*Work instruction*. Retype the entries below word for word, leaving out every picture.

*Entries supplied*.

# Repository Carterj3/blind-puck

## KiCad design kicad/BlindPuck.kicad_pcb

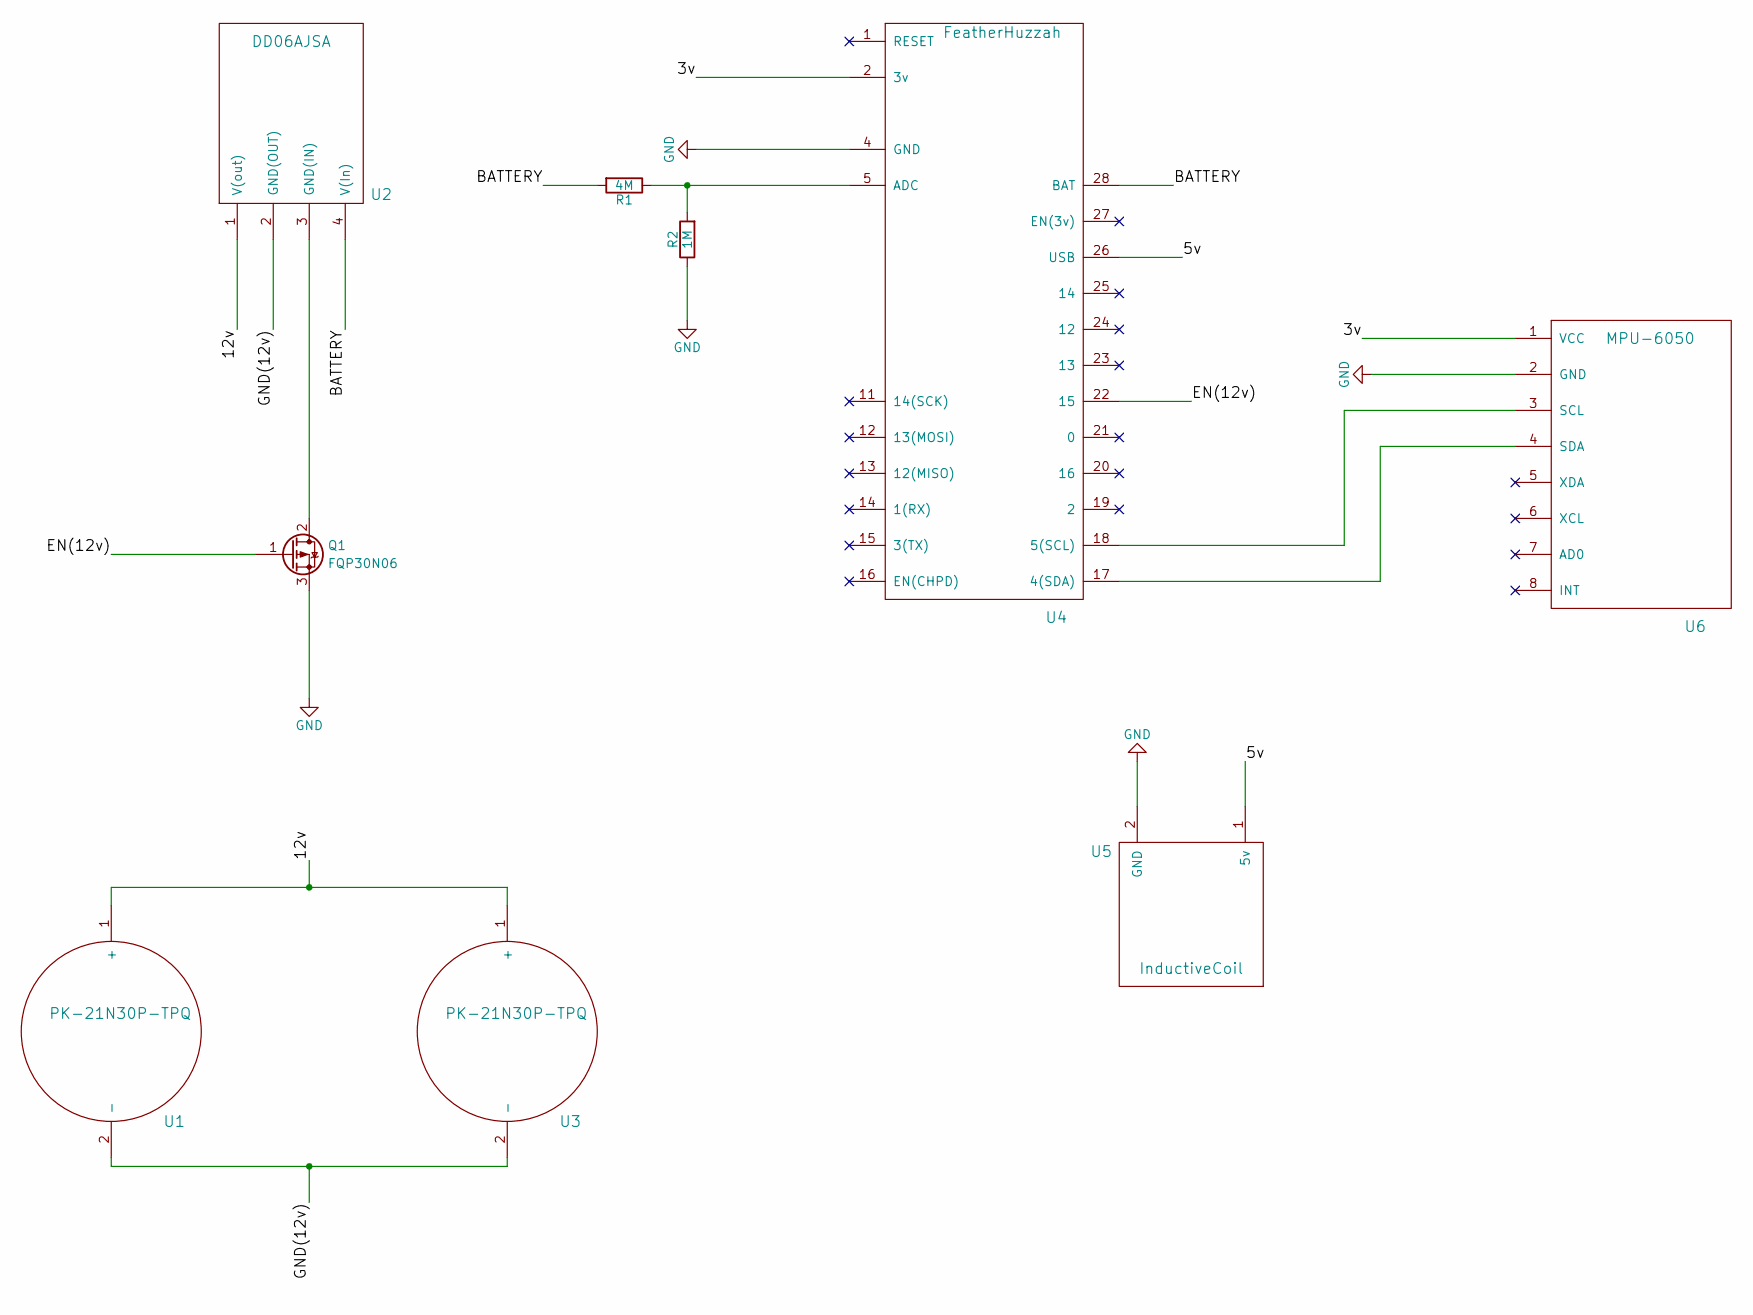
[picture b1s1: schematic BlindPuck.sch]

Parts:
Q1: FQP30N06; TO-220-3_Vertical
R1: 4M; R_Axial_DIN0207_L6.3mm_D2.5mm_P7.62mm_Horizontal
R2: 1M; R_Axial_DIN0207_L6.3mm_D2.5mm_P7.62mm_Horizontal
U1, U3: PK-21N30P-TPQ; 21N30P
U2: DD06AJSA
U4: FeatherHuzzah; Feather
U5: InductiveCoil; InductiveCoils(Rx)
U6: MPU-6050; MPU6050

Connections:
/3v: U4.2 (3v), U6.1 (VCC)
/5v: U4.26 (USB), U5.1 (5v)
/12v: U1.1 (+), U2.1 (V(out)), U3.1 (+)
/BATTERY: R1.2, U2.4 (V(In)), U4.28 (BAT)
/EN(12v): Q1.1 (G), U4.22 (15)
/GND(12v): U1.2 (-), U2.2 (GND(OUT)), U3.2 (-)
GND: Q1.3 (S), R2.1, U4.4 (GND), U5.2 (GND), U6.2 (GND)
unnamed: Q1.2 (D), U2.3 (GND(IN))
unnamed: R1.1, R2.2, U4.5 (ADC)
unnamed: U4.17 (4(SDA)), U6.4 (SDA)
unnamed: U4.18 (5(SCL)), U6.3 (SCL)

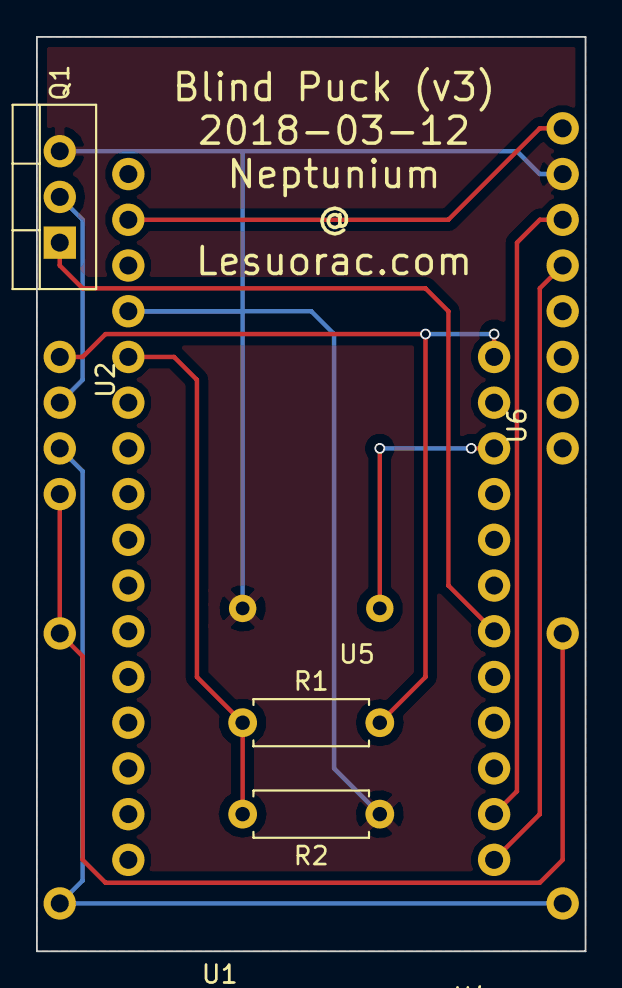
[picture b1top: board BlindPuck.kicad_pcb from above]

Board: 2 copper layers, 30.5 x 50.8 mm, 9 parts (0 on the bottom side), 11 nets.

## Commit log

2016-10-26 using default project
2016-10-27 updating to current test
2016-11-10 added endpoints to get data from devices
2016-11-10 added a tone vs DIO flag
2016-11-10 more experiementing
2016-11-10 added another drain
2016-11-14 adding helper files to avoid one large file changing webserver implementation back to original to get around blocking problem
2016-11-15 creating helper class
2016-11-16 reverting back to old wifi server as it wasn't blocking
2016-11-18 modified library to expose GRange commands updated internal library to assist with accel debugging
2016-11-18 fixed problem with i2c library. Accel recordings are now all in G's
2016-11-18 trying to prune filesize down
2016-11-19 added ability to read cfg from SPIFF will need to redo code layout though
2016-12-16 Updates due to switching to huzzah
2017-08-12 RISKY commit, added code to assist with speaker but issues with WiFi access point
2017-08-12 added accel functionality
2017-09-03 added charging
2017-09-04 added charging table
2017-09-04 fixed problem with timers, used bool instead of int
2017-09-08 added pdf documenting wiring
2018-03-11 modification to v3 for IMU
2018-03-13 fixed problems where the pcb's hole was too small
2018-03-13 removing libaries
2018-03-26 replacing the mpu6050
2018-03-31 fixing Bp v3 and adding new initial work on IMS board

*Exercise solution*.
# Repository Carterj3/blind-puck

## KiCad design kicad/BlindPuck.kicad_pcb

[picture b1s1: schematic BlindPuck.sch]

Parts:
Q1: FQP30N06; TO-220-3_Vertical
R1: 4M; R_Axial_DIN0207_L6.3mm_D2.5mm_P7.62mm_Horizontal
R2: 1M; R_Axial_DIN0207_L6.3mm_D2.5mm_P7.62mm_Horizontal
U1, U3: PK-21N30P-TPQ; 21N30P
U2: DD06AJSA
U4: FeatherHuzzah; Feather
U5: InductiveCoil; InductiveCoils(Rx)
U6: MPU-6050; MPU6050

Connections:
/3v: U4.2 (3v), U6.1 (VCC)
/5v: U4.26 (USB), U5.1 (5v)
/12v: U1.1 (+), U2.1 (V(out)), U3.1 (+)
/BATTERY: R1.2, U2.4 (V(In)), U4.28 (BAT)
/EN(12v): Q1.1 (G), U4.22 (15)
/GND(12v): U1.2 (-), U2.2 (GND(OUT)), U3.2 (-)
GND: Q1.3 (S), R2.1, U4.4 (GND), U5.2 (GND), U6.2 (GND)
unnamed: Q1.2 (D), U2.3 (GND(IN))
unnamed: R1.1, R2.2, U4.5 (ADC)
unnamed: U4.17 (4(SDA)), U6.4 (SDA)
unnamed: U4.18 (5(SCL)), U6.3 (SCL)

[picture b1top: board BlindPuck.kicad_pcb from above]

Board: 2 copper layers, 30.5 x 50.8 mm, 9 parts (0 on the bottom side), 11 nets.

## Commit log

2016-10-26 using default project
2016-10-27 updating to current test
2016-11-10 added endpoints to get data from devices
2016-11-10 added a tone vs DIO flag
2016-11-10 more experiementing
2016-11-10 added another drain
2016-11-14 adding helper files to avoid one large file changing webserver implementation back to original to get around blocking problem
2016-11-15 creating helper class
2016-11-16 reverting back to old wifi server as it wasn't blocking
2016-11-18 modified library to expose GRange commands updated internal library to assist with accel debugging
2016-11-18 fixed problem with i2c library. Accel recordings are now all in G's
2016-11-18 trying to prune filesize down
2016-11-19 added ability to read cfg from SPIFF will need to redo code layout though
2016-12-16 Updates due to switching to huzzah
2017-08-12 RISKY commit, added code to assist with speaker but issues with WiFi access point
2017-08-12 added accel functionality
2017-09-03 added charging
2017-09-04 added charging table
2017-09-04 fixed problem with timers, used bool instead of int
2017-09-08 added pdf documenting wiring
2018-03-11 modification to v3 for IMU
2018-03-13 fixed problems where the pcb's hole was too small
2018-03-13 removing libaries
2018-03-26 replacing the mpu6050
2018-03-31 fixing Bp v3 and adding new initial work on IMS board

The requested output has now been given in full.